**Description of the task**
In the listing below, find the line containing "#8769 = CARTESIAN_POINT" and the line containing "#25987 = ORIENTED_EDGE". Repeat exactly those two lines and every line between them, nothing more.

**Data excerpts**

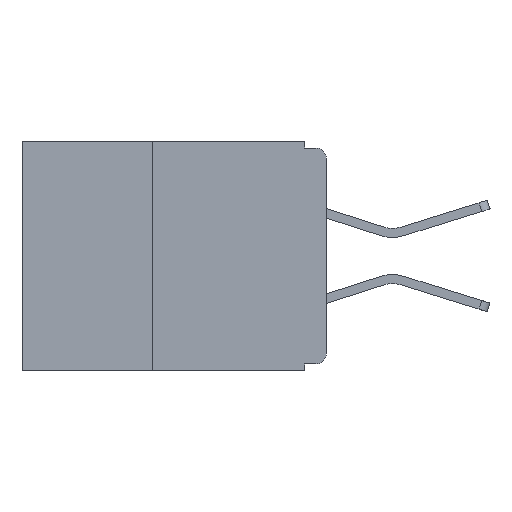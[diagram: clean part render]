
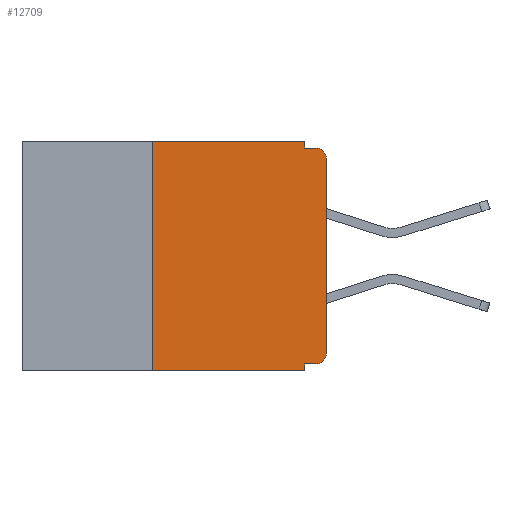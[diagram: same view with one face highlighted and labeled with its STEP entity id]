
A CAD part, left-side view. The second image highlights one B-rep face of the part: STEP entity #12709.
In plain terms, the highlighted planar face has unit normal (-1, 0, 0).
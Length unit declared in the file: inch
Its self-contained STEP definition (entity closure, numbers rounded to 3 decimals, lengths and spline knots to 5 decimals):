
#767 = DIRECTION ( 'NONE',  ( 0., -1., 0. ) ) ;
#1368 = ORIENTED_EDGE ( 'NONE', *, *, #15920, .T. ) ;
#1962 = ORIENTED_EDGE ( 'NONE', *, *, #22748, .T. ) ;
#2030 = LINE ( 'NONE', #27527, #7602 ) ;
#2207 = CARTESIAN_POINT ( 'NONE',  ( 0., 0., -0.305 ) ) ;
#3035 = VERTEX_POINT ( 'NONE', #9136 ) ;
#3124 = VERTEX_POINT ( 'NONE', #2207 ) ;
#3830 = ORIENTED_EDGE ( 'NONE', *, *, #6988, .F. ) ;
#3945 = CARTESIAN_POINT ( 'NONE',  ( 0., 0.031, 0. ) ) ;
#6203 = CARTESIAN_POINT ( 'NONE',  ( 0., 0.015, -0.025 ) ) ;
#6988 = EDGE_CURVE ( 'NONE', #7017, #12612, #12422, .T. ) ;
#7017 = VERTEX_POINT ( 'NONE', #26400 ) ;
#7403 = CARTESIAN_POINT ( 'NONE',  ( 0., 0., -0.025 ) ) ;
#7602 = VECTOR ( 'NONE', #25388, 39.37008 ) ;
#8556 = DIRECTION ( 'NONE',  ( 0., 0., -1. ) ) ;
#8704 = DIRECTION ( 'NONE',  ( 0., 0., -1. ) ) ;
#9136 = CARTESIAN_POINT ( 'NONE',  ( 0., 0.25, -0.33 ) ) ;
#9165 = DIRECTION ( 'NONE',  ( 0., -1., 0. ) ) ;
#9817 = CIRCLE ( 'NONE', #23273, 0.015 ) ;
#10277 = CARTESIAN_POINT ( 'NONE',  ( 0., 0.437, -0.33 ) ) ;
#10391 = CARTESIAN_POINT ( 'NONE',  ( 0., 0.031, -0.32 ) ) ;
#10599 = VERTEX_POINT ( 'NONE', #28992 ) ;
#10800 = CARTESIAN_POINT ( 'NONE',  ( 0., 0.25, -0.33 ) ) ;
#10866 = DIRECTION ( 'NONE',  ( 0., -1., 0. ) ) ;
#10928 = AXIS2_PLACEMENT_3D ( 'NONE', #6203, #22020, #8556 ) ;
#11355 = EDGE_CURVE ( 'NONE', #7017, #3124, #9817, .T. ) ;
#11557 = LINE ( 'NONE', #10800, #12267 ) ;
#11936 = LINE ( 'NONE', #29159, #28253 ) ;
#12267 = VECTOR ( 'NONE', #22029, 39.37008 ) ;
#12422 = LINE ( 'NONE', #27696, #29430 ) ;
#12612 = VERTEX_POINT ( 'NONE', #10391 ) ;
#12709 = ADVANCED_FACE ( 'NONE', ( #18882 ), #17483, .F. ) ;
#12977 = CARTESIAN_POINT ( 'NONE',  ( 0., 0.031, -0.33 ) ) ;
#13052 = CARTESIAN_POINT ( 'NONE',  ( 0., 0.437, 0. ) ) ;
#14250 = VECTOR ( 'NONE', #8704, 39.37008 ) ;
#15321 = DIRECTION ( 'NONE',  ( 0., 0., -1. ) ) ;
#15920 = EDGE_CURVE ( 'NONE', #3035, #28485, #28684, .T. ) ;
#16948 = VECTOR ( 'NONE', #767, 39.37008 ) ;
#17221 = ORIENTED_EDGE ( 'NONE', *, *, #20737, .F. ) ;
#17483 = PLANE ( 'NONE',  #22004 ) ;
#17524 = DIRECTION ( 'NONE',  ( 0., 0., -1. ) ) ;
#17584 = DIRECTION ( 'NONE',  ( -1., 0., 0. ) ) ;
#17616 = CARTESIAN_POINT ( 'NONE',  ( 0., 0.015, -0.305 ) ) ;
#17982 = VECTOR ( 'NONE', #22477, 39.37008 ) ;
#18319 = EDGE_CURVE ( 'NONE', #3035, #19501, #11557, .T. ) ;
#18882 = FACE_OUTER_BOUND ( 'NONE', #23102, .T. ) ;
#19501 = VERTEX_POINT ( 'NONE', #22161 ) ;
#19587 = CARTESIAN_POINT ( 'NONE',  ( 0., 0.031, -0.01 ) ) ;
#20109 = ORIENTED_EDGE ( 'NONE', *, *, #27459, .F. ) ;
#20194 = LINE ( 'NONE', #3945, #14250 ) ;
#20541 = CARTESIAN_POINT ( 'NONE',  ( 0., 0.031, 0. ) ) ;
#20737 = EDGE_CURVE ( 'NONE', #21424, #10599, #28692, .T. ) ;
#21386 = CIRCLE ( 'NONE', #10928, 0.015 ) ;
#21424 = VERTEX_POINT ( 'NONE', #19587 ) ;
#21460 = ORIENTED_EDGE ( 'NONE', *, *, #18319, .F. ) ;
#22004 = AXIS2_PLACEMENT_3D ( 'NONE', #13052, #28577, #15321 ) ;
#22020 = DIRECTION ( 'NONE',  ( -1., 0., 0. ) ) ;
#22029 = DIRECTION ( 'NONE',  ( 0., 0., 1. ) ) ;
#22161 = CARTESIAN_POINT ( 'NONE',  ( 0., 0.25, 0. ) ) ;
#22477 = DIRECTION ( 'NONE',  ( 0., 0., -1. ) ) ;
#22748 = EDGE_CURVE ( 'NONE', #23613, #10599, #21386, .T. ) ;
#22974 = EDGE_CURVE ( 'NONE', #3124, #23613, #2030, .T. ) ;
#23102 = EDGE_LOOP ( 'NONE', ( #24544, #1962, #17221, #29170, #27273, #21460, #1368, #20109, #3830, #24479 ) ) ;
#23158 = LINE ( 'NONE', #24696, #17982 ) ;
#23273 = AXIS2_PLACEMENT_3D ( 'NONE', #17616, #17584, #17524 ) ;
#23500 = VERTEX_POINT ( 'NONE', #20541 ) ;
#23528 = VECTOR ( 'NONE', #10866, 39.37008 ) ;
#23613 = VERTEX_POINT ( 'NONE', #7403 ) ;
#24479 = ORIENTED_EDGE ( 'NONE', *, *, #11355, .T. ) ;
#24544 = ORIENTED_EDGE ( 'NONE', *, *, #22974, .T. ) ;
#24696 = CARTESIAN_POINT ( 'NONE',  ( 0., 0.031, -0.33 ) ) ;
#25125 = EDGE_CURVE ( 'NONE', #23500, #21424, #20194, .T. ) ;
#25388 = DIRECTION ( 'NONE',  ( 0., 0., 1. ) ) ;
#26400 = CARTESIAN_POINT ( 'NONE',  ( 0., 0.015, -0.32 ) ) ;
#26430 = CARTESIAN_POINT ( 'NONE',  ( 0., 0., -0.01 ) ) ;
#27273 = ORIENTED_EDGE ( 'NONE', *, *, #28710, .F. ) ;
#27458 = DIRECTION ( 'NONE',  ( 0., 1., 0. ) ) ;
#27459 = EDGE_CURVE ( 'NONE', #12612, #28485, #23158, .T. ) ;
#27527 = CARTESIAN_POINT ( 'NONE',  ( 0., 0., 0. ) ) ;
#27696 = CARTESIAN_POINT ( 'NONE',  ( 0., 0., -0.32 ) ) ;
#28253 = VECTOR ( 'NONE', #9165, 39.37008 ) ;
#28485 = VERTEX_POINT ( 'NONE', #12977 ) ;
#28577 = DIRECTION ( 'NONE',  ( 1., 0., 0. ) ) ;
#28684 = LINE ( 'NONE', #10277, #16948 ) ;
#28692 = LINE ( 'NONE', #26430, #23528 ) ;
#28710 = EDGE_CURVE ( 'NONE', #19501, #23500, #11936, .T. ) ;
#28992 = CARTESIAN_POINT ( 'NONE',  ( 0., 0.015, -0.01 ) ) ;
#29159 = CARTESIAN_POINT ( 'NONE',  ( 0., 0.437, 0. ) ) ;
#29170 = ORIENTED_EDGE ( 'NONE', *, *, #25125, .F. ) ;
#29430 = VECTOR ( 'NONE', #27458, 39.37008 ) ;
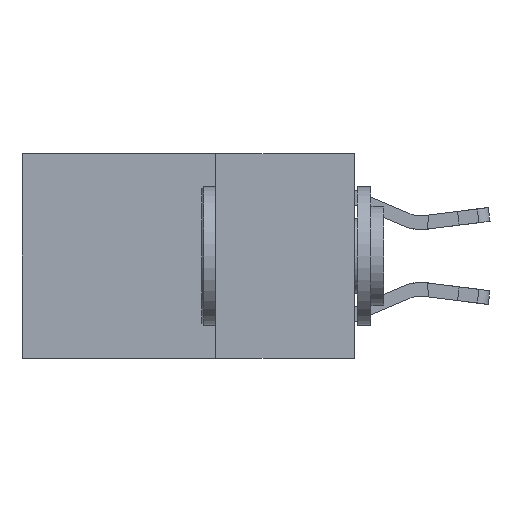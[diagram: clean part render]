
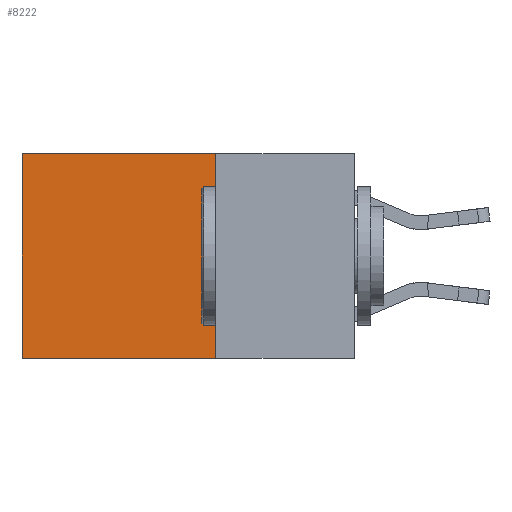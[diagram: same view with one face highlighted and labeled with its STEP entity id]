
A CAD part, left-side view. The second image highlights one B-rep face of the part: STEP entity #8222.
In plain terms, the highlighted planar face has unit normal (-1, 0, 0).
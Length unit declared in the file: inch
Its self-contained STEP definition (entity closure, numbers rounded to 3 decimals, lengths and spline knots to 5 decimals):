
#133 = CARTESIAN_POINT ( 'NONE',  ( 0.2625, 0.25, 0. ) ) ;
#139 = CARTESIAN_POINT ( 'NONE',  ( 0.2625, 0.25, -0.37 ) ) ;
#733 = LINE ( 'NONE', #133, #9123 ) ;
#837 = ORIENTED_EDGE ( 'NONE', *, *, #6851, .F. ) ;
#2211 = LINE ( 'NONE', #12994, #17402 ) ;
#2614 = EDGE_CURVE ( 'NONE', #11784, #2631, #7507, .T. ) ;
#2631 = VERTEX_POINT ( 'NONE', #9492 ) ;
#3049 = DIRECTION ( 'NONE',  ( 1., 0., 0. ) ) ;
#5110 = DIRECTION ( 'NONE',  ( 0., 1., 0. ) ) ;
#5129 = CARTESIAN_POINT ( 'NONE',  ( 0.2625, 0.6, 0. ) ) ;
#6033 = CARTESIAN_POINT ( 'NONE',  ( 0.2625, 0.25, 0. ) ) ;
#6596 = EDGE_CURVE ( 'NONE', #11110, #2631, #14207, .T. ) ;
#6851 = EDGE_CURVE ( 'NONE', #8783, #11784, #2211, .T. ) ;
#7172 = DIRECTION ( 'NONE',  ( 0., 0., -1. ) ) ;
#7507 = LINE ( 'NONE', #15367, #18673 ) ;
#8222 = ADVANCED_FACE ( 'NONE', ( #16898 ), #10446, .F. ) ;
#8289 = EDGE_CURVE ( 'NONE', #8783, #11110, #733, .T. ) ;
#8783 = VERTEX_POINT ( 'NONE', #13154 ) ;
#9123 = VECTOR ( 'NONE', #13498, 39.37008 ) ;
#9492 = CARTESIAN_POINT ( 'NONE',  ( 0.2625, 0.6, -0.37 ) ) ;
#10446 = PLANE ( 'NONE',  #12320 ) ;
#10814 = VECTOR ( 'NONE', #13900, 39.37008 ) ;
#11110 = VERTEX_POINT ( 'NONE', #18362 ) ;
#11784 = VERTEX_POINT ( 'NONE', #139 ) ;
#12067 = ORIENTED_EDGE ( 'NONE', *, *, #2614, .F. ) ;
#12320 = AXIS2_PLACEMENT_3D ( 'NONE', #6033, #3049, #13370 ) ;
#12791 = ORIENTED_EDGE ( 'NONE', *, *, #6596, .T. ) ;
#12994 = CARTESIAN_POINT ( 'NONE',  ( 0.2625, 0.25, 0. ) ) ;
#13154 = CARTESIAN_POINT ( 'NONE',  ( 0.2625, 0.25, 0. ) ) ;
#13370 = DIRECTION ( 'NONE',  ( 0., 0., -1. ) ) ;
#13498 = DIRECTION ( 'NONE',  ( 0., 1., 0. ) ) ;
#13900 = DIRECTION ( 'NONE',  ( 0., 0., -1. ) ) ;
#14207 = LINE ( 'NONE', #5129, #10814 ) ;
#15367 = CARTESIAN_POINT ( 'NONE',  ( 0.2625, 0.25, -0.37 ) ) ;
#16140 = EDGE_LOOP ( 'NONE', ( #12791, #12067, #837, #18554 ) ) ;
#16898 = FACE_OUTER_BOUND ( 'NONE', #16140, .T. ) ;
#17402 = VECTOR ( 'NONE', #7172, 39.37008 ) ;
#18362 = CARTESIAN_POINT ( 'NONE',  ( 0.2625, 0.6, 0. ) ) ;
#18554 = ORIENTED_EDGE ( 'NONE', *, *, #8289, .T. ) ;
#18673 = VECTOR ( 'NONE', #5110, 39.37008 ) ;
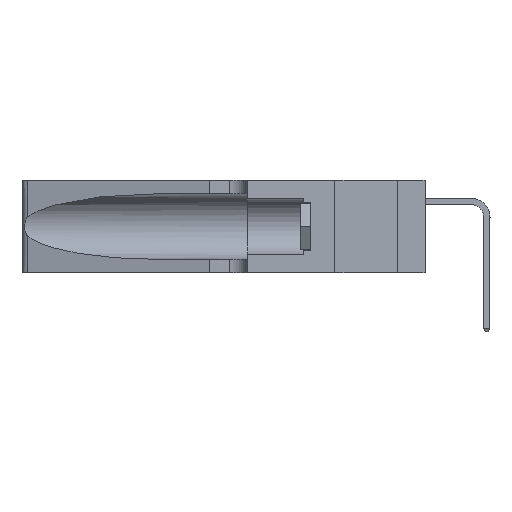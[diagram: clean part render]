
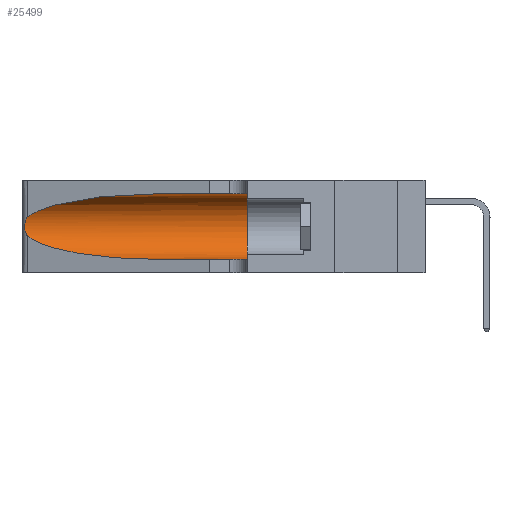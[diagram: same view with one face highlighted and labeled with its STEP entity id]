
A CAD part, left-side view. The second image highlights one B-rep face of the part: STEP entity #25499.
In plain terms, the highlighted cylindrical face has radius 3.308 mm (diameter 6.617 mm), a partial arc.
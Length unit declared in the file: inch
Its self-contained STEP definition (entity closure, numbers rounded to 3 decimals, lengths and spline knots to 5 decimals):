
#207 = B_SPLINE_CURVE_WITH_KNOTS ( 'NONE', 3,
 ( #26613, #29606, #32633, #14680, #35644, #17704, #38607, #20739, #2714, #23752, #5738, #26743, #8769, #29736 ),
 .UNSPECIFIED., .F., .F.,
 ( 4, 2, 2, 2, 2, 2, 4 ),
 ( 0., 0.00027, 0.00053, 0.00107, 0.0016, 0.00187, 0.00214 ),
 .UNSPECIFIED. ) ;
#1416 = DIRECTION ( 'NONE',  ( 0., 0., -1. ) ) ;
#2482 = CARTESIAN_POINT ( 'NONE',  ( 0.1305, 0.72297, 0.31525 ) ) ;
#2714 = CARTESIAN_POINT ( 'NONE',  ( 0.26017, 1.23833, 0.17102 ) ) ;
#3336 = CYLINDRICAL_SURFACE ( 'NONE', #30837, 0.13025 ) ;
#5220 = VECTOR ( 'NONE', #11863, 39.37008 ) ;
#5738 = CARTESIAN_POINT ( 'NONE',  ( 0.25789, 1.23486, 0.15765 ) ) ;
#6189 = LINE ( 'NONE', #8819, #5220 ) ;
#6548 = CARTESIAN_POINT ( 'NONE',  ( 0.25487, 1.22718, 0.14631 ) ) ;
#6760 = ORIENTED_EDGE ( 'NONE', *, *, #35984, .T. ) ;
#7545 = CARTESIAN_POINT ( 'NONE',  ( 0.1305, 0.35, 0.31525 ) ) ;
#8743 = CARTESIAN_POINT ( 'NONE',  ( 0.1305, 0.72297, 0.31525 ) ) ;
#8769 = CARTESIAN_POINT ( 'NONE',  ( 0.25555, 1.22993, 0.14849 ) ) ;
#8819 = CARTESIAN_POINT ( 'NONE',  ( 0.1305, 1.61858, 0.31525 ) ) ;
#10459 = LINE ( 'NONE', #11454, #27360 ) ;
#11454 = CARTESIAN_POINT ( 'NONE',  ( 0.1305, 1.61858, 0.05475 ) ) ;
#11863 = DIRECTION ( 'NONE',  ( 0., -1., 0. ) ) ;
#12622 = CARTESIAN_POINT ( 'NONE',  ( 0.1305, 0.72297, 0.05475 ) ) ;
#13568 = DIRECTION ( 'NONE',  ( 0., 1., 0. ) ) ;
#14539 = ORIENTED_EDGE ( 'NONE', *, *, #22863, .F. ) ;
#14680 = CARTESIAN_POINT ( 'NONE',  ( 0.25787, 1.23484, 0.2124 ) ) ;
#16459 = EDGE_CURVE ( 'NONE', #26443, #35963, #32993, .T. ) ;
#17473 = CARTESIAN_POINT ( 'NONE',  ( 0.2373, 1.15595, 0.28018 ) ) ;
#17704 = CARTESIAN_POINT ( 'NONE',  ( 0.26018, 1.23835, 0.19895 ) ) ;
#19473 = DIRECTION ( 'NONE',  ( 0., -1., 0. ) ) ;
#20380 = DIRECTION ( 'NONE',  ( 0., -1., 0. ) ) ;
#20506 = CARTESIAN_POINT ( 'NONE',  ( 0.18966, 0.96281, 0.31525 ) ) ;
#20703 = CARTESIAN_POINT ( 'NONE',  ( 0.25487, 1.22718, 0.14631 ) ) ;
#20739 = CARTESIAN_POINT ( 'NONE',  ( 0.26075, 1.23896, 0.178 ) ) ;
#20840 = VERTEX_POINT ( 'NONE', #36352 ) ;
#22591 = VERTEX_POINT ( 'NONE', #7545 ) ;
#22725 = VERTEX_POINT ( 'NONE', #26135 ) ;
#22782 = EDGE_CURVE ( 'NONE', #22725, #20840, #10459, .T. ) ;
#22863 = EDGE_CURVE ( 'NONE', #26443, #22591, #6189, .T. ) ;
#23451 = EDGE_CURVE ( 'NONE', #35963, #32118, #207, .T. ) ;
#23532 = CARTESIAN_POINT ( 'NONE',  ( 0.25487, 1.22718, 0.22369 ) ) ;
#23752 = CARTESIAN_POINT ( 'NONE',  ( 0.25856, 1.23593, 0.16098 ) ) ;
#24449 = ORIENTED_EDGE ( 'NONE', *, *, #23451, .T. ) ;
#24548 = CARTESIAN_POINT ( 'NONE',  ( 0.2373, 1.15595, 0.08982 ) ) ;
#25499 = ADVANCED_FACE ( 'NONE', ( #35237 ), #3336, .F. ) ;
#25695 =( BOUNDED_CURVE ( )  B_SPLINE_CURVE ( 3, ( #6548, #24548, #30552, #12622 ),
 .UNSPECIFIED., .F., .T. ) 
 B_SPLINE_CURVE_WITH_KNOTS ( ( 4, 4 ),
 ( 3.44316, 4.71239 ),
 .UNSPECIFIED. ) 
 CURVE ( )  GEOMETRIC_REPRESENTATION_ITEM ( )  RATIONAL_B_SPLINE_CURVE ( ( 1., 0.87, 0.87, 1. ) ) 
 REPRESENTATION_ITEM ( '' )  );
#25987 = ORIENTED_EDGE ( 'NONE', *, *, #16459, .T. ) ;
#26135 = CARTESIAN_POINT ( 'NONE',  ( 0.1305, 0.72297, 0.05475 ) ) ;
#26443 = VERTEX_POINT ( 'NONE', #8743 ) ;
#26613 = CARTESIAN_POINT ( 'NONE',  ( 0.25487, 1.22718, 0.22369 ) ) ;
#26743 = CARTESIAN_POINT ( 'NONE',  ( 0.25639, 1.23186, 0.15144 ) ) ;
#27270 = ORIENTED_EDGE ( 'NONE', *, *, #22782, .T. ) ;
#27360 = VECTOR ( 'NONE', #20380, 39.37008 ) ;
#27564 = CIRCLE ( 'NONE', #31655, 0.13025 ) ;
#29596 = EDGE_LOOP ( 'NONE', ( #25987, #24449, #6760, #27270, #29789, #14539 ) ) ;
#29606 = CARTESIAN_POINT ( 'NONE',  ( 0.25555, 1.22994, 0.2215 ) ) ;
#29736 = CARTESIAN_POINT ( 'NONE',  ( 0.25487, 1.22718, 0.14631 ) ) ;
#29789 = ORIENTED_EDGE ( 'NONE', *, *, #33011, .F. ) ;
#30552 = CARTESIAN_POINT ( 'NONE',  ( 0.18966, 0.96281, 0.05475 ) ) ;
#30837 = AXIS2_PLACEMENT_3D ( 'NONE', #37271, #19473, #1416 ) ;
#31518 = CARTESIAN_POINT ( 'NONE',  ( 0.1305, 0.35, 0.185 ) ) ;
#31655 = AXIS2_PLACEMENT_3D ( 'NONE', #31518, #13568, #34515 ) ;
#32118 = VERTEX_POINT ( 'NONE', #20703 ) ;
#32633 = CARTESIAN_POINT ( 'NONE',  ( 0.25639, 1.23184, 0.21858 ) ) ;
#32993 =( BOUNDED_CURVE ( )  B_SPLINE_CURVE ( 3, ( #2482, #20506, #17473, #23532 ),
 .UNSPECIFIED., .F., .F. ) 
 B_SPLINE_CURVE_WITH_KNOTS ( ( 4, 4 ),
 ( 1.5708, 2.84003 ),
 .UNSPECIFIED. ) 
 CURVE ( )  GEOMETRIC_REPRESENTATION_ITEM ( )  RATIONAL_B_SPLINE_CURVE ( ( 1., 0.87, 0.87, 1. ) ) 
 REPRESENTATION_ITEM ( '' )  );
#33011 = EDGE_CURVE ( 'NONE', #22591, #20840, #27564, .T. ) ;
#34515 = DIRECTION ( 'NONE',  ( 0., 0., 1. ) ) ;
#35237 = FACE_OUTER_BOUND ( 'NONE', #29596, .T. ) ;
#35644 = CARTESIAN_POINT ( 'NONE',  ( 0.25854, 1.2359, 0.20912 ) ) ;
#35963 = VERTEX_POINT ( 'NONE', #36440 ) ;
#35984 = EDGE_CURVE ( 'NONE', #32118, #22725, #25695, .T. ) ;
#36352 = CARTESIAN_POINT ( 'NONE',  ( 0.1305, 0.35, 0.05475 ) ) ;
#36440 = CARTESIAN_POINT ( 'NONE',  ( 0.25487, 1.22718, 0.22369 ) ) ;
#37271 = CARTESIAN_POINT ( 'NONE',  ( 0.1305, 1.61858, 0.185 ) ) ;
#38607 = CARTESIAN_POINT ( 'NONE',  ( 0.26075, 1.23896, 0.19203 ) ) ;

**Output**
#8769 = CARTESIAN_POINT ( 'NONE',  ( 0.25555, 1.22993, 0.14849 ) ) ;
#8819 = CARTESIAN_POINT ( 'NONE',  ( 0.1305, 1.61858, 0.31525 ) ) ;
#10459 = LINE ( 'NONE', #11454, #27360 ) ;
#11454 = CARTESIAN_POINT ( 'NONE',  ( 0.1305, 1.61858, 0.05475 ) ) ;
#11863 = DIRECTION ( 'NONE',  ( 0., -1., 0. ) ) ;
#12622 = CARTESIAN_POINT ( 'NONE',  ( 0.1305, 0.72297, 0.05475 ) ) ;
#13568 = DIRECTION ( 'NONE',  ( 0., 1., 0. ) ) ;
#14539 = ORIENTED_EDGE ( 'NONE', *, *, #22863, .F. ) ;
#14680 = CARTESIAN_POINT ( 'NONE',  ( 0.25787, 1.23484, 0.2124 ) ) ;
#16459 = EDGE_CURVE ( 'NONE', #26443, #35963, #32993, .T. ) ;
#17473 = CARTESIAN_POINT ( 'NONE',  ( 0.2373, 1.15595, 0.28018 ) ) ;
#17704 = CARTESIAN_POINT ( 'NONE',  ( 0.26018, 1.23835, 0.19895 ) ) ;
#19473 = DIRECTION ( 'NONE',  ( 0., -1., 0. ) ) ;
#20380 = DIRECTION ( 'NONE',  ( 0., -1., 0. ) ) ;
#20506 = CARTESIAN_POINT ( 'NONE',  ( 0.18966, 0.96281, 0.31525 ) ) ;
#20703 = CARTESIAN_POINT ( 'NONE',  ( 0.25487, 1.22718, 0.14631 ) ) ;
#20739 = CARTESIAN_POINT ( 'NONE',  ( 0.26075, 1.23896, 0.178 ) ) ;
#20840 = VERTEX_POINT ( 'NONE', #36352 ) ;
#22591 = VERTEX_POINT ( 'NONE', #7545 ) ;
#22725 = VERTEX_POINT ( 'NONE', #26135 ) ;
#22782 = EDGE_CURVE ( 'NONE', #22725, #20840, #10459, .T. ) ;
#22863 = EDGE_CURVE ( 'NONE', #26443, #22591, #6189, .T. ) ;
#23451 = EDGE_CURVE ( 'NONE', #35963, #32118, #207, .T. ) ;
#23532 = CARTESIAN_POINT ( 'NONE',  ( 0.25487, 1.22718, 0.22369 ) ) ;
#23752 = CARTESIAN_POINT ( 'NONE',  ( 0.25856, 1.23593, 0.16098 ) ) ;
#24449 = ORIENTED_EDGE ( 'NONE', *, *, #23451, .T. ) ;
#24548 = CARTESIAN_POINT ( 'NONE',  ( 0.2373, 1.15595, 0.08982 ) ) ;
#25499 = ADVANCED_FACE ( 'NONE', ( #35237 ), #3336, .F. ) ;
#25695 =( BOUNDED_CURVE ( )  B_SPLINE_CURVE ( 3, ( #6548, #24548, #30552, #12622 ),
 .UNSPECIFIED., .F., .T. ) 
 B_SPLINE_CURVE_WITH_KNOTS ( ( 4, 4 ),
 ( 3.44316, 4.71239 ),
 .UNSPECIFIED. ) 
 CURVE ( )  GEOMETRIC_REPRESENTATION_ITEM ( )  RATIONAL_B_SPLINE_CURVE ( ( 1., 0.87, 0.87, 1. ) ) 
 REPRESENTATION_ITEM ( '' )  );
#25987 = ORIENTED_EDGE ( 'NONE', *, *, #16459, .T. ) ;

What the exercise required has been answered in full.